In the multi-modal public transit system, the separation of the planning and management processes intensifies the patronage competition between different public transit systems, and results in the wasting of transit capacity resources. In order to alleviate the passenger flow competition inside the multi-modal transit systems and improve the overall benefit of the urban public transit system, an integrated method for designing the multi-modal public transit network is urgently needed.
Three functional levels of backbone transit network, trunk transit network and local transit network in the multi-modal public transit network are classified. Transit stations, transit line sections and transfer links are defined as the key elements of multi-modal public transit networks. The network representation models with transit stations and transit lines as nodes respectively for analyzing the features of the multi-modal public transit network are formulated. The network performance indexes of transit stations and transit line sections are defined to analyze the basic network characteristics of the multi-modal public transit network; by examinating the distribution of the geometric performance indicators of transit lines, the statistical characteristics of the multi-modal transit network of each functional level are explored; through the distribution of the total number of shared stations between transit lines of different functional levels and between transit lines of the same functional level, the connectivity feature of the multi-modal public transit network is discussed.
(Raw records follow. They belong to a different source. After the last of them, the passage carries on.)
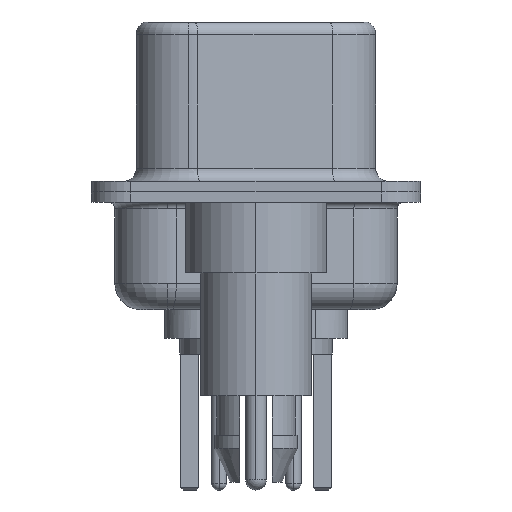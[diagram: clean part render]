
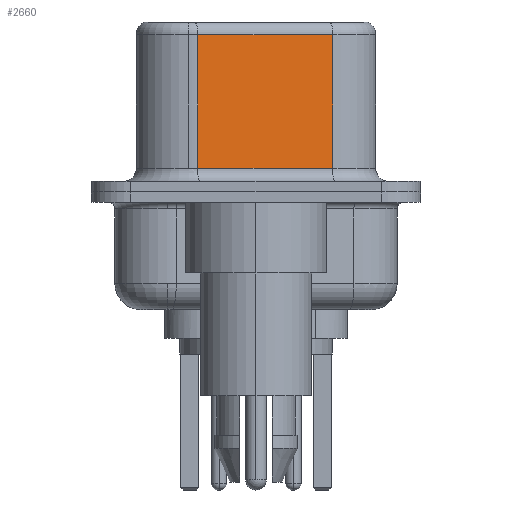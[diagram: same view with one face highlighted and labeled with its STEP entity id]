
A CAD part, left-side view. The second image highlights one B-rep face of the part: STEP entity #2660.
In plain terms, the highlighted planar face has unit normal (-0.985, -0.174, 0).
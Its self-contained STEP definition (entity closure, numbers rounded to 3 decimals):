
#421 = CARTESIAN_POINT ( 'NONE',  ( 4.585, -2.927, 6.02 ) ) ;
#454 = CARTESIAN_POINT ( 'NONE',  ( 3.675, 2.233, 0.9 ) ) ;
#635 = ORIENTED_EDGE ( 'NONE', *, *, #3604, .F. ) ;
#767 = DIRECTION ( 'NONE',  ( 0.174, -0.985, 0. ) ) ;
#819 = DIRECTION ( 'NONE',  ( -0.174, 0.985, 0. ) ) ;
#934 = VECTOR ( 'NONE', #8732, 1000. ) ;
#1283 = DIRECTION ( 'NONE',  ( 0.985, 0.174, 0. ) ) ;
#2011 = VERTEX_POINT ( 'NONE', #14974 ) ;
#2660 = ADVANCED_FACE ( 'NONE', ( #14061 ), #6799, .F. ) ;
#3354 = DIRECTION ( 'NONE',  ( 0., 0., -1. ) ) ;
#3604 = EDGE_CURVE ( 'NONE', #5974, #5126, #12257, .T. ) ;
#4902 = VECTOR ( 'NONE', #819, 1000. ) ;
#5126 = VERTEX_POINT ( 'NONE', #17867 ) ;
#5329 = AXIS2_PLACEMENT_3D ( 'NONE', #11789, #1283, #11763 ) ;
#5928 = EDGE_CURVE ( 'NONE', #5974, #2011, #13430, .T. ) ;
#5974 = VERTEX_POINT ( 'NONE', #15062 ) ;
#6461 = VECTOR ( 'NONE', #767, 1000. ) ;
#6693 = EDGE_CURVE ( 'NONE', #2011, #19928, #13661, .T. ) ;
#6799 = PLANE ( 'NONE',  #5329 ) ;
#7187 = CARTESIAN_POINT ( 'NONE',  ( 4.585, -2.927, 6.52 ) ) ;
#8732 = DIRECTION ( 'NONE',  ( 0., 0., -1. ) ) ;
#10201 = CARTESIAN_POINT ( 'NONE',  ( 3.675, 2.233, 6.52 ) ) ;
#11071 = EDGE_CURVE ( 'NONE', #19928, #5126, #19326, .T. ) ;
#11763 = DIRECTION ( 'NONE',  ( -0.174, 0.985, 0. ) ) ;
#11789 = CARTESIAN_POINT ( 'NONE',  ( 4.585, -2.927, 6.52 ) ) ;
#12257 = LINE ( 'NONE', #7187, #16041 ) ;
#12453 = ORIENTED_EDGE ( 'NONE', *, *, #5928, .T. ) ;
#13430 = LINE ( 'NONE', #421, #4902 ) ;
#13603 = ORIENTED_EDGE ( 'NONE', *, *, #11071, .T. ) ;
#13661 = LINE ( 'NONE', #10201, #934 ) ;
#14061 = FACE_OUTER_BOUND ( 'NONE', #15628, .T. ) ;
#14291 = ORIENTED_EDGE ( 'NONE', *, *, #6693, .T. ) ;
#14974 = CARTESIAN_POINT ( 'NONE',  ( 3.675, 2.233, 6.02 ) ) ;
#15062 = CARTESIAN_POINT ( 'NONE',  ( 4.585, -2.927, 6.02 ) ) ;
#15628 = EDGE_LOOP ( 'NONE', ( #635, #12453, #14291, #13603 ) ) ;
#16041 = VECTOR ( 'NONE', #3354, 1000. ) ;
#17867 = CARTESIAN_POINT ( 'NONE',  ( 4.585, -2.927, 0.9 ) ) ;
#19326 = LINE ( 'NONE', #19897, #6461 ) ;
#19897 = CARTESIAN_POINT ( 'NONE',  ( 4.585, -2.927, 0.9 ) ) ;
#19928 = VERTEX_POINT ( 'NONE', #454 ) ;

The distributions of the total trip distance and trip distance in access and egress trip stages for multi-modal trips and uni-modal trips in multi-modal public transit system are compared. The travel mode choice behavior in access and egress trip stages of multi-modal trips is investigated. Concentrating on the transfer stages of multi-modal trips, the transfer times, transfer distance and transfer penalties are explored. By conducting the correlation analysis between passengers’ attitudes to congestion delay, transfer times and transit time and public transit usage willingness, passengers’ choice behavior characteristics at stations are inferred.
Based on the definations of the relationship between passenger flow, operating speed and functional level of transit lines, and the aggregation of passenger flow, a heuristic method for generating initial transit lines in the multi-modal transit network is present. Based on the demand of OD pairs, the subset of OD pairs is formed. The OD pairs are selected as the current OD pair one by one. For the current OD pair, the shortest path algorithm is used to determine the current OD pair’s shortest path in the road network and the shortest path in the road-transit hybrid network. By comparing these two shortest paths, whether the aggregation of passenger flow happens is judged. When the aggregation of passenger flow occurs, a method for generating a candidate line based on OD pair insertion, that is, by changing the route of the existing initial transit line to serve the current OD pair, is proposed. When the OD pair insertion conditions are not satisfied, a candidate route is formd by splitting the second shortest path. If all of the above conditions are not satisfied, the first type of expected shortest path is chosed as the route to generate a new candidate transit line. If the new candidate transit line satisfies the overlapping condition and the line length constraint condition, it is added to the initial transit line set. Finally the service frequency is determined based on the maximum link flow for each initial transit line.
According to passengers’ travel route choice hypothesis and fail-to-board hypothesis in multi-modal transit system, the virtual transit network nodes and arcs are used to represent the transit vehicles operation and the passenger travel process, the transfer passenger flow inside the same station, or between different stations, and the originating passenger flow are distinguished, and a multi-modal transit network representation model for passenger flow assignment is established. Under the capacity constraint of the multi-modal transit system, a passenger flow assignment method in multi-modal transit network, which is based on the method of successive averages, is proposed. Based on the hyperpath theory, the formula for calculating flow split probability for arcs at different dummy nodes is defined, an improved shortest hyperpath model is constructed, and an improved shortest hyperpath search algorithm is designed. According to the passenger flow conservation condition, methods for calculating the passenger flow at dummy nodes and on dummy arcs and the passenger fail-to-board probability are determined.
Taking the sum of passengers’ total travel cost and agencies’ total operating cost of transit systems as objective function, and taking the maximum vehicle investment, the maximum construction buget of backbone network and the minimum coverage of transit demand as constraints, a combinatorial optimization model for multi-modal public transit networks is constructed. Based on the basic genetic algorithm, a solution algorithm for the optimization model is designed.